Yanick Lahens, la voix des mémoires haïtiennes, couronnée par l’Académie française
Littérature francophone et mémoire collective se sont rencontrées, une fois encore, sous la Coupole. Le jeudi 30 octobre 2025, l’Académie française a décerné son prestigieux Grand Prix du roman à l’écrivaine haïtienne Yanick Lahens pour Passagères de nuit, publié aux éditions Sabine Wespieser. Une victoire obtenue d’une courte avance — onze voix contre dix — face à Pauline Dreyfus, preuve d’un scrutin particulièrement disputé et révélateur de la puissance de ce roman.
Une écrivaine au cœur des réalités haïtiennes
Née le 22 décembre 1953 à Port-au-Prince, Yanick Lahens s’est imposée depuis plus de vingt ans comme l’une des grandes voix de la littérature caribéenne. Romancière, essayiste, universitaire, elle explore avec une précision rare les dynamiques sociales, les fractures historiques et la résilience d’un peuple marqué par la violence et la beauté.
Sa carrière romanesque prend son véritable essor en 2000 avec Dans la maison du père. Depuis, son œuvre s’est enrichie de titres majeurs, dont Bain de lune, couronné du prix Femina 2014, et d’un ensemble de nouvelles et essais qui interrogent mémoire, identité et héritages coloniaux.

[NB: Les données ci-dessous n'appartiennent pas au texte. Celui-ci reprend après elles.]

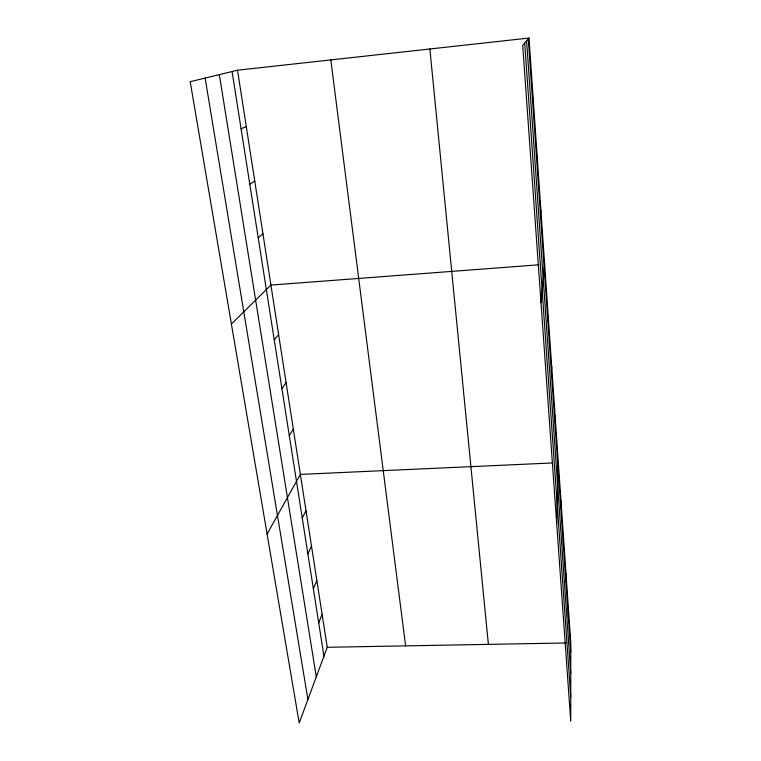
<?xml version="1.0" encoding="UTF-8"?>
<svg xmlns="http://www.w3.org/2000/svg" width="761" height="761" viewBox="0 0 761 761"><rect width="100%" height="100%" fill="white"/><g stroke="black" fill="none" stroke-linecap="round" stroke-linejoin="round"><path stroke-width="1.14" d="M568.381 617.38L568.419 608.591M565.918 581.851L565.994 573.461M563.397 545.428L563.501 537.456M560.8 508.072L560.952 500.538M556.691 523.539L558.336 462.688M554.836 421.908L555.073 415.439M551.411 372.51L551.706 366.697M547.872 321.484L548.234 316.357M540.976 302.393L544.638 264.371M540.443 214.221L540.928 210.635M536.524 157.803L537.085 155.073M532.481 99.387L533.119 97.57M237.518 70.202L327.24 647.288L299.197 722.95L190.212 81.693L237.518 70.202L529.009 38.05L570.788 642.883L570.74 721.257L522.712 45.346L529.009 38.05M318.716 622.859L322.112 614.327M313.361 588.757L316.871 580.586M307.872 553.827L311.496 546.046M302.25 518.041L305.998 510.66M267.092 534.032L300.367 474.407L552.553 462.945M289.294 435.615L293.337 429.214M281.884 388.452L286.098 382.64M274.245 339.806L278.631 334.621M231.401 324.034L270.926 285.08L538.788 264.809M258.207 237.736L262.983 233.95M249.789 184.172L254.773 181.147M241.085 128.799L246.288 126.592M327.24 647.288L566.051 642.969M205.128 78.069L307.901 699.483M219.33 74.626L316.3 676.824M232.086 71.524L323.948 656.163M330.807 59.91L405.603 645.87M429.87 48.989L488.381 644.377M524.71 43.035L570.76 696.876M528.286 38.887L570.779 652.044M526.593 40.847L570.769 673.39"/></g></svg>

Son écriture, à la fois poétique et implacable, s’est forgée au fil d’un engagement culturel profond en Haïti, où elle a longtemps enseigné à l’Université d’État.
Reconnue sur la scène internationale, elle occupe en 2019 la chaire “Mondes Francophones” au Collège de France, marquant une étape symbolique dans la reconnaissance mondiale des littératures haïtiennes.
Passagères de nuit, un roman de filiation et de résistance
Le roman récompensé par l’Académie française plonge dans les lignées féminines, celles souvent invisibles dans l’Histoire officielle mais essentielles dans l’Histoire réelle. Depuis Elizabeth, née en 1818 à La Nouvelle-Orléans, jusqu’à Régina, “née pauvre parmi les pauvres” en Haïti un demi-siècle plus tard, Lahens déroule une traversée temporelle où les femmes portent l’énergie vitale, la survie, et la transmission.
Le livre convoque également les “passagères de nuit” — ces femmes déportées sur les navires négriers — dont la douleur et la résistance forment la racine d’un récit multigénérationnel. Lahens y oppose la nuit à la lumière, la violence à la dignité, l’effacement à la parole retrouvée.
Selon l’éditeur, le roman est “un hommage d’espoir et de résistance à la lignée des femmes dont elle est issue”. Un fil narratif qui, malgré la gravité de l’histoire, porte en lui la promesse d’une avancée : “Toujours avancer sans se retourner.”
Une consécration pour une littérature indépendante
Ce prix rejaillit également sur les éditions Sabine Wespieser, maison indépendante fondée en 2002. En couronnant Passagères de nuit, l’Académie française confirme l’importance de ces éditeurs qui défendent des voix singulières, éloignées des logiques industrielles. Lahens succède ainsi à Miguel Bonnefoy, lauréat 2024, consolidant une continuité de littérature exigeante et inventive.
Un signal fort dans la saison des prix littéraires
Comme il est d’usage, le Grand Prix du roman ouvre la danse des grands prix d’automne — Femina, Goncourt, Renaudot, Médicis. En récompensant Yanick Lahens, l’Académie affirme une fois de plus l’importance des littératures francophones, des récits de marge, des voix dont la force narrative traverse les frontières.
À 71 ans, l’auteure haïtienne confirme son statut de figure incontournable de la littérature contemporaine. Son prix n’est pas seulement une distinction : c’est un rappel que les histoires enfouies, celles des femmes, celles des peuples oubliés, continuent d’éclairer nos sociétés.